__What the task requires__. Only the lines from the first line of the data through the line containing "doc.linetypes.add(name, pattern=pattern)" belong in the answer, transcribed exactly; pictures do not.

• • •

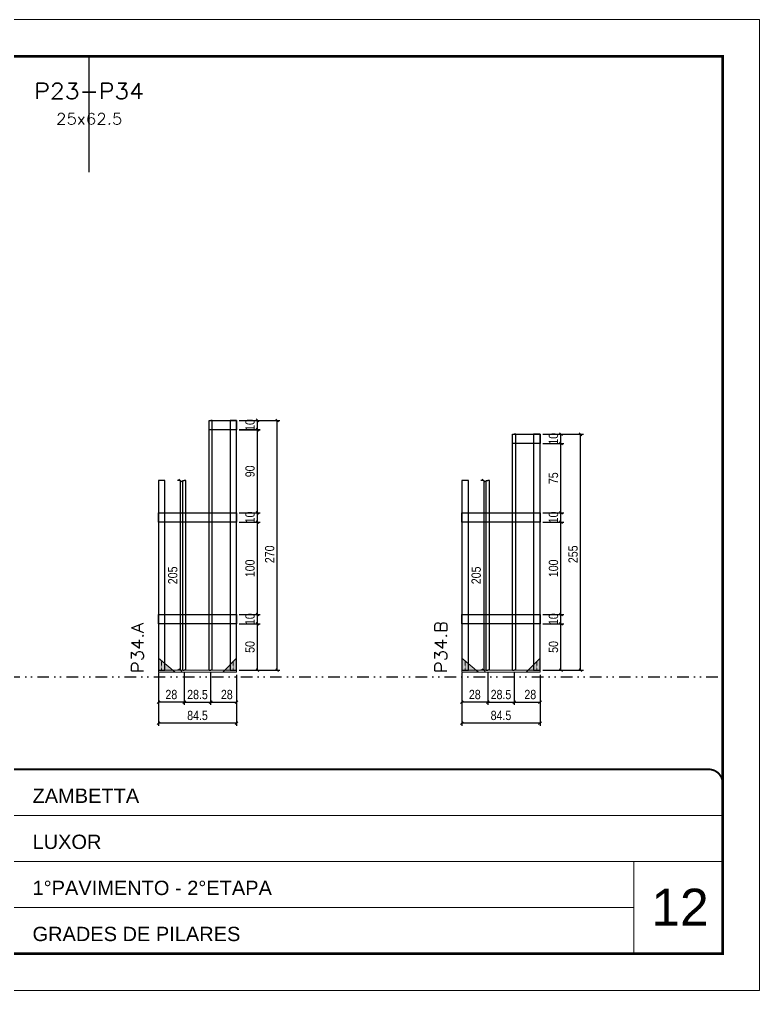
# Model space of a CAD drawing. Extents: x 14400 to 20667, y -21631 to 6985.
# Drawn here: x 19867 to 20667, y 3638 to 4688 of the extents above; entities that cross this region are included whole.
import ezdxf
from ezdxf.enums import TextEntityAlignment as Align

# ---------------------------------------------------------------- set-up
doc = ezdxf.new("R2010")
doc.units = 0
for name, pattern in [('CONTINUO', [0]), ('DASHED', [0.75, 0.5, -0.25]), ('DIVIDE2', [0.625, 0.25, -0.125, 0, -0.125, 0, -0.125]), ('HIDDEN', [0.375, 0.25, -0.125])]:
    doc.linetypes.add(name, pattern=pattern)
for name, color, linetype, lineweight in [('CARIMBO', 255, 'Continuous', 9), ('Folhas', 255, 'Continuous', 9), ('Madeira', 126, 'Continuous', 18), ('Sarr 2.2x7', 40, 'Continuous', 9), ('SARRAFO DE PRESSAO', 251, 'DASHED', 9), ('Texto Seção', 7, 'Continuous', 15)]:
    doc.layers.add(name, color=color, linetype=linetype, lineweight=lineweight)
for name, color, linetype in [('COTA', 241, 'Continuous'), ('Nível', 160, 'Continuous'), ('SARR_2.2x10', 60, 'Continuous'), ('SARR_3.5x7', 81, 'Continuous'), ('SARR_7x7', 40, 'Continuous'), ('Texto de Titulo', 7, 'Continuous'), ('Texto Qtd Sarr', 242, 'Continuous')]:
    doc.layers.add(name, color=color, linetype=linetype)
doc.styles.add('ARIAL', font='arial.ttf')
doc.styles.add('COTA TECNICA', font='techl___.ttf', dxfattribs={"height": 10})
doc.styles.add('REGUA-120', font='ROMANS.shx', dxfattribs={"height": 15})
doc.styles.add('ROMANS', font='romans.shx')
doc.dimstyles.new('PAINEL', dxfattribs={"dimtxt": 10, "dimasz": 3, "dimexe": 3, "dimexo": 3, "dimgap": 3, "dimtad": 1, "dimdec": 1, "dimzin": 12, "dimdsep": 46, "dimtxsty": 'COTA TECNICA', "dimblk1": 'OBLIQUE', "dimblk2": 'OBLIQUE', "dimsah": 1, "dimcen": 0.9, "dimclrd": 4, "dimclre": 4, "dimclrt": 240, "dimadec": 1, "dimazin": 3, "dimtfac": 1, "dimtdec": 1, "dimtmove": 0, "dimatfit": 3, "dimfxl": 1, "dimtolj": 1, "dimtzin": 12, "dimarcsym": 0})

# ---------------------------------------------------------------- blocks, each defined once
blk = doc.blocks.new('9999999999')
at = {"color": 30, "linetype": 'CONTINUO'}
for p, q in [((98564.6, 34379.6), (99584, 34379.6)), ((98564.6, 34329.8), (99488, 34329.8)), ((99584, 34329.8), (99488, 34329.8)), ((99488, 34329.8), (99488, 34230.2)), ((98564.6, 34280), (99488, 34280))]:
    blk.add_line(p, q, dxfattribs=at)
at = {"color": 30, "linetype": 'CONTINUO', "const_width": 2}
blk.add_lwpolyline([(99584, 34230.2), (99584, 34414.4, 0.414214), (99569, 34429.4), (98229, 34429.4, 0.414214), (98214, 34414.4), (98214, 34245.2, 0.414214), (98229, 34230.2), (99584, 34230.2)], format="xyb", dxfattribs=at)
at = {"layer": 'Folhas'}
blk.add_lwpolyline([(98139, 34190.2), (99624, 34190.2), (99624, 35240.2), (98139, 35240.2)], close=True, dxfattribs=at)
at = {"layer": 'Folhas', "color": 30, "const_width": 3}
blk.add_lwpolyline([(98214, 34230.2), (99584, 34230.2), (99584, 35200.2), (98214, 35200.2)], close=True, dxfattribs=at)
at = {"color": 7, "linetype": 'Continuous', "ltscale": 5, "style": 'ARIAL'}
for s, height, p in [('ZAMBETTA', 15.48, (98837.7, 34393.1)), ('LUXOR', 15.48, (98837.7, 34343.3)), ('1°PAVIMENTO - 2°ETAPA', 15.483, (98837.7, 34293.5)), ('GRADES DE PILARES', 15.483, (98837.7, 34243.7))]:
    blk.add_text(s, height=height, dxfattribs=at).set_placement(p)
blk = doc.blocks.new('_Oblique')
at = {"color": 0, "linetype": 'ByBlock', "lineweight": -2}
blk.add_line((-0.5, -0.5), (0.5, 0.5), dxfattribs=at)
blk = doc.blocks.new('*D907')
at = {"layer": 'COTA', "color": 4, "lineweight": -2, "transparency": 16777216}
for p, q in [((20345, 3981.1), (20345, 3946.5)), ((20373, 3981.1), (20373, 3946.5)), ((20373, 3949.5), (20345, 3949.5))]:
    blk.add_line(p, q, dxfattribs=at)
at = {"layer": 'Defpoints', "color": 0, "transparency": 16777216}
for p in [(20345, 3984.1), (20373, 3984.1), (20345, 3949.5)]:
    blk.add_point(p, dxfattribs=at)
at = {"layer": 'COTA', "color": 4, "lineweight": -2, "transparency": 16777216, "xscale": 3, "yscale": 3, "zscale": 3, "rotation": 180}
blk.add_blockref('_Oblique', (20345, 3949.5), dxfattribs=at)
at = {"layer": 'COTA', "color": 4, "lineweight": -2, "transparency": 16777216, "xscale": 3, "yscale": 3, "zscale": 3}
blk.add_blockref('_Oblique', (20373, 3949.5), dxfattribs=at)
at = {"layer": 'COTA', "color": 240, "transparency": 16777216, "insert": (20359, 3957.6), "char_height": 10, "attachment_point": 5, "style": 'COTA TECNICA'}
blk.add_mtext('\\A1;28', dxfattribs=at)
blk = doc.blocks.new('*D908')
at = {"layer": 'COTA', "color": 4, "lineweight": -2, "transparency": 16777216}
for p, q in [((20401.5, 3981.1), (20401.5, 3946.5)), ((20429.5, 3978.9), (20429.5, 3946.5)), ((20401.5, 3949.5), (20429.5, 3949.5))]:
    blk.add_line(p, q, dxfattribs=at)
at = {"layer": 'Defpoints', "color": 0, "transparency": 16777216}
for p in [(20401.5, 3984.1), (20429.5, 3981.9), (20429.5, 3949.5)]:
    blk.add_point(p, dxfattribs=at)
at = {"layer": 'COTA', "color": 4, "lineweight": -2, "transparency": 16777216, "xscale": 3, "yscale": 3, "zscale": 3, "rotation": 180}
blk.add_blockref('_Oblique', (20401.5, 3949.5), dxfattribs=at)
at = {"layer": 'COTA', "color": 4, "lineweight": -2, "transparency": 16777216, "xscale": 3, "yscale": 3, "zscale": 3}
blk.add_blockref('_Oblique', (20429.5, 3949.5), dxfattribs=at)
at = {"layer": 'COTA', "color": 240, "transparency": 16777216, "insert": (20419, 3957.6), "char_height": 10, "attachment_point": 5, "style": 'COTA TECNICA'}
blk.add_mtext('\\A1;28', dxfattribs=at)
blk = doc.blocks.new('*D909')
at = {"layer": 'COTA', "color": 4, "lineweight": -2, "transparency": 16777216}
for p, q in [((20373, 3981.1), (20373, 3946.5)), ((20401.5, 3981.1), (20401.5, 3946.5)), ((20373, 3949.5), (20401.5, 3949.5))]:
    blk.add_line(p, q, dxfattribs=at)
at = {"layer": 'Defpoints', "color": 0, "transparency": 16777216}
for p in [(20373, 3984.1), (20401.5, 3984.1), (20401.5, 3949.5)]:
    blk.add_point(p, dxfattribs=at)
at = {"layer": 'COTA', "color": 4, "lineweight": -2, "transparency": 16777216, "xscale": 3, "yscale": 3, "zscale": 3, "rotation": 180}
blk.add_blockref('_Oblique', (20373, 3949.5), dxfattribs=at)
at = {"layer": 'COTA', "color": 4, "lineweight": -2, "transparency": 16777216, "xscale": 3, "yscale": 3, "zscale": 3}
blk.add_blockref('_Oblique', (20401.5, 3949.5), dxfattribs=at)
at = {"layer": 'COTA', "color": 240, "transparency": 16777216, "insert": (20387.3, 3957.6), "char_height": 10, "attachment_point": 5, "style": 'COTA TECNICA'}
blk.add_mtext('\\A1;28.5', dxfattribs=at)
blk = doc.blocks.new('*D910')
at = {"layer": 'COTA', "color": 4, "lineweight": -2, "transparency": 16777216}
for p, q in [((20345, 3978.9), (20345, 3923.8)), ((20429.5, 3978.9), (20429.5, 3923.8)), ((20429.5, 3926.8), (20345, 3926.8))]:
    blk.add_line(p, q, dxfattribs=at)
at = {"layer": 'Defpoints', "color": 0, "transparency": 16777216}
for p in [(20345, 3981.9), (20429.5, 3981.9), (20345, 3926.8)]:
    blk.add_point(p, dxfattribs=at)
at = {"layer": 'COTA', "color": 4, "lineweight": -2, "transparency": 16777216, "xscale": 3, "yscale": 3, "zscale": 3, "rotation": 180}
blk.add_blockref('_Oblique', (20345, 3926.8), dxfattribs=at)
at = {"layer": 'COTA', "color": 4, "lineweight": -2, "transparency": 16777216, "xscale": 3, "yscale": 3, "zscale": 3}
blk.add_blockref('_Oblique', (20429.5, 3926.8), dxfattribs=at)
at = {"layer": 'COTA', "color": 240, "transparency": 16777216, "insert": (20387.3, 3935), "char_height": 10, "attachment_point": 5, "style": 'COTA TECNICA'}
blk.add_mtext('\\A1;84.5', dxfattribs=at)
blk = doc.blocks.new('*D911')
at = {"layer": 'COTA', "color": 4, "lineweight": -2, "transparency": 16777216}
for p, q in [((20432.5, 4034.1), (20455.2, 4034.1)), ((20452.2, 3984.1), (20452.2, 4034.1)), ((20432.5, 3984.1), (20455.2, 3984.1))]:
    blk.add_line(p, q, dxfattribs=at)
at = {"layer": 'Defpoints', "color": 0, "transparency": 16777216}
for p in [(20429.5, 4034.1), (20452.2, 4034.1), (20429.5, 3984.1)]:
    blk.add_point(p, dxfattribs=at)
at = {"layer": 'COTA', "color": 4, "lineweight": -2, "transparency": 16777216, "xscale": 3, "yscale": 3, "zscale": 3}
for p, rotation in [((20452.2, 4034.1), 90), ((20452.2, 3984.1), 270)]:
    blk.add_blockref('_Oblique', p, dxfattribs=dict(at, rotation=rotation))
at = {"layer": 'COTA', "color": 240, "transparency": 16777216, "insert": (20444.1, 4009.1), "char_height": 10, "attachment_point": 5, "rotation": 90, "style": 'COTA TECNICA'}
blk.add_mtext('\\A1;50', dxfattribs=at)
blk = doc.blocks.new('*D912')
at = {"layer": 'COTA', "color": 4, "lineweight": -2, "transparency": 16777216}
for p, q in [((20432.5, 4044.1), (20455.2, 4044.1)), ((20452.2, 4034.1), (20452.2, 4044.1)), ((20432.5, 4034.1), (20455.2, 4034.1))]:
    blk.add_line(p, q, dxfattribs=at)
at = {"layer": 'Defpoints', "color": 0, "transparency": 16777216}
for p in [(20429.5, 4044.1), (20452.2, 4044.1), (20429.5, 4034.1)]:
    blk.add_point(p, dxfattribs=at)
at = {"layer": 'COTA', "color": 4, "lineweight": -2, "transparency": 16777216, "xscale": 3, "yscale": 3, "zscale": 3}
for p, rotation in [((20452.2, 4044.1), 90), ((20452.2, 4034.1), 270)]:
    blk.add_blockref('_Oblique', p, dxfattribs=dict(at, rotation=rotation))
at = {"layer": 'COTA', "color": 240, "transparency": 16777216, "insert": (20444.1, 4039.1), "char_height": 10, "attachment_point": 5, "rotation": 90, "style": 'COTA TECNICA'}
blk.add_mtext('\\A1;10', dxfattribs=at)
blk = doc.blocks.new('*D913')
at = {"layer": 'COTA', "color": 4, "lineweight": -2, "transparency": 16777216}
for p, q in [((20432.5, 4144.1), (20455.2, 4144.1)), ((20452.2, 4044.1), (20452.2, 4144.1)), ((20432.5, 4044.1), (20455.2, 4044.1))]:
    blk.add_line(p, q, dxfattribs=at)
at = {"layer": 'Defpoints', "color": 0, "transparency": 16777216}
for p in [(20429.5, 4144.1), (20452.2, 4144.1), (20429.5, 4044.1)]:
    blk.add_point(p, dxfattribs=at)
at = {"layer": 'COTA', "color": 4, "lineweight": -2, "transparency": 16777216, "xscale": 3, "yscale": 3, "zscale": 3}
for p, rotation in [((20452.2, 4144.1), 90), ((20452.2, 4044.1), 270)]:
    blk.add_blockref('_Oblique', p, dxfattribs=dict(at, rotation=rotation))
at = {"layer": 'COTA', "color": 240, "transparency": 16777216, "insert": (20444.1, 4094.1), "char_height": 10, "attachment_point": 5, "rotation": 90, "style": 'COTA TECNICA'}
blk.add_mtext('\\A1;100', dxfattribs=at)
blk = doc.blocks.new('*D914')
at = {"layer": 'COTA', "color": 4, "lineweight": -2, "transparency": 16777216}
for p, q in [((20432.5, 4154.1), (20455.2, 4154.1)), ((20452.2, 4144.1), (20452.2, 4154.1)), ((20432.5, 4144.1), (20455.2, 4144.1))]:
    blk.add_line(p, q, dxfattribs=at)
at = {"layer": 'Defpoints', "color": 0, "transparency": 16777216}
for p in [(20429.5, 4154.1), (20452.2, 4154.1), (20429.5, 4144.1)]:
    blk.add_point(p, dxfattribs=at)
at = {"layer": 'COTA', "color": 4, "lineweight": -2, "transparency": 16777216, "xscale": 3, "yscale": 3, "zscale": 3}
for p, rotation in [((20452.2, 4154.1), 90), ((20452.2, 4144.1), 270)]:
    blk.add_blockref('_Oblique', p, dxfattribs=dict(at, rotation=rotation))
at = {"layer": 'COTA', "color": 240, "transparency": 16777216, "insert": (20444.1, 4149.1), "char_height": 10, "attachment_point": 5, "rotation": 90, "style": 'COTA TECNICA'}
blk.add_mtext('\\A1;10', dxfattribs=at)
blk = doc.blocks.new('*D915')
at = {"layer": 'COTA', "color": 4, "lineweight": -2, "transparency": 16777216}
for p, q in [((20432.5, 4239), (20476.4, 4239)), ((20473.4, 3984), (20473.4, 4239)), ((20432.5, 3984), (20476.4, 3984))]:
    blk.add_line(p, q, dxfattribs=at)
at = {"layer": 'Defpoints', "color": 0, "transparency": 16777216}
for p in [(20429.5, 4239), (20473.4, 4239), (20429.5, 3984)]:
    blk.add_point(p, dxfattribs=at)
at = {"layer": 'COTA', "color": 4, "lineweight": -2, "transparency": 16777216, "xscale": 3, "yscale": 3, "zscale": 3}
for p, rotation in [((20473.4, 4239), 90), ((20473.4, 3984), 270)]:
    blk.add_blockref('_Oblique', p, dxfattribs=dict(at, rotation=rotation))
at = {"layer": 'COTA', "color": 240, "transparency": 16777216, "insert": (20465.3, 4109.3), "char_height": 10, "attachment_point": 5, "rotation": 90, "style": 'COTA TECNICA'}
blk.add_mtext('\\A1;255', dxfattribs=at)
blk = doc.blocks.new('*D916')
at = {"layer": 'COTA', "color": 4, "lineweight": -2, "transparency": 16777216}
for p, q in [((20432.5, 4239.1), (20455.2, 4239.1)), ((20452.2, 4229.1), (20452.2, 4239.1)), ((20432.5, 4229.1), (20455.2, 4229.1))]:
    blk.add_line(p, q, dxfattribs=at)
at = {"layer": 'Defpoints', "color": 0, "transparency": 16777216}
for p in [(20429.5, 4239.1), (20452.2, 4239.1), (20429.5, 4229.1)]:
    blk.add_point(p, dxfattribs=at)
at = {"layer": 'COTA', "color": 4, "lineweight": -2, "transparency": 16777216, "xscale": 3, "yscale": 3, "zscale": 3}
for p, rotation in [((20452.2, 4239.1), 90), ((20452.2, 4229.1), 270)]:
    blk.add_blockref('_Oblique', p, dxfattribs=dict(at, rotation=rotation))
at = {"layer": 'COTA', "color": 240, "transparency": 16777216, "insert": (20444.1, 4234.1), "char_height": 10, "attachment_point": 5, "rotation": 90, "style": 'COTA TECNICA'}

• • •

__Answer for this exercise__.
# Model space of a CAD drawing. Extents: x 14400 to 20667, y -21631 to 6985.
# Drawn here: x 19867 to 20667, y 3638 to 4688 of the extents above; entities that cross this region are included whole.
import ezdxf
from ezdxf.enums import TextEntityAlignment as Align

# ---------------------------------------------------------------- set-up
doc = ezdxf.new("R2010")
doc.units = 0
for name, pattern in [('CONTINUO', [0]), ('DASHED', [0.75, 0.5, -0.25]), ('DIVIDE2', [0.625, 0.25, -0.125, 0, -0.125, 0, -0.125]), ('HIDDEN', [0.375, 0.25, -0.125])]:
    doc.linetypes.add(name, pattern=pattern)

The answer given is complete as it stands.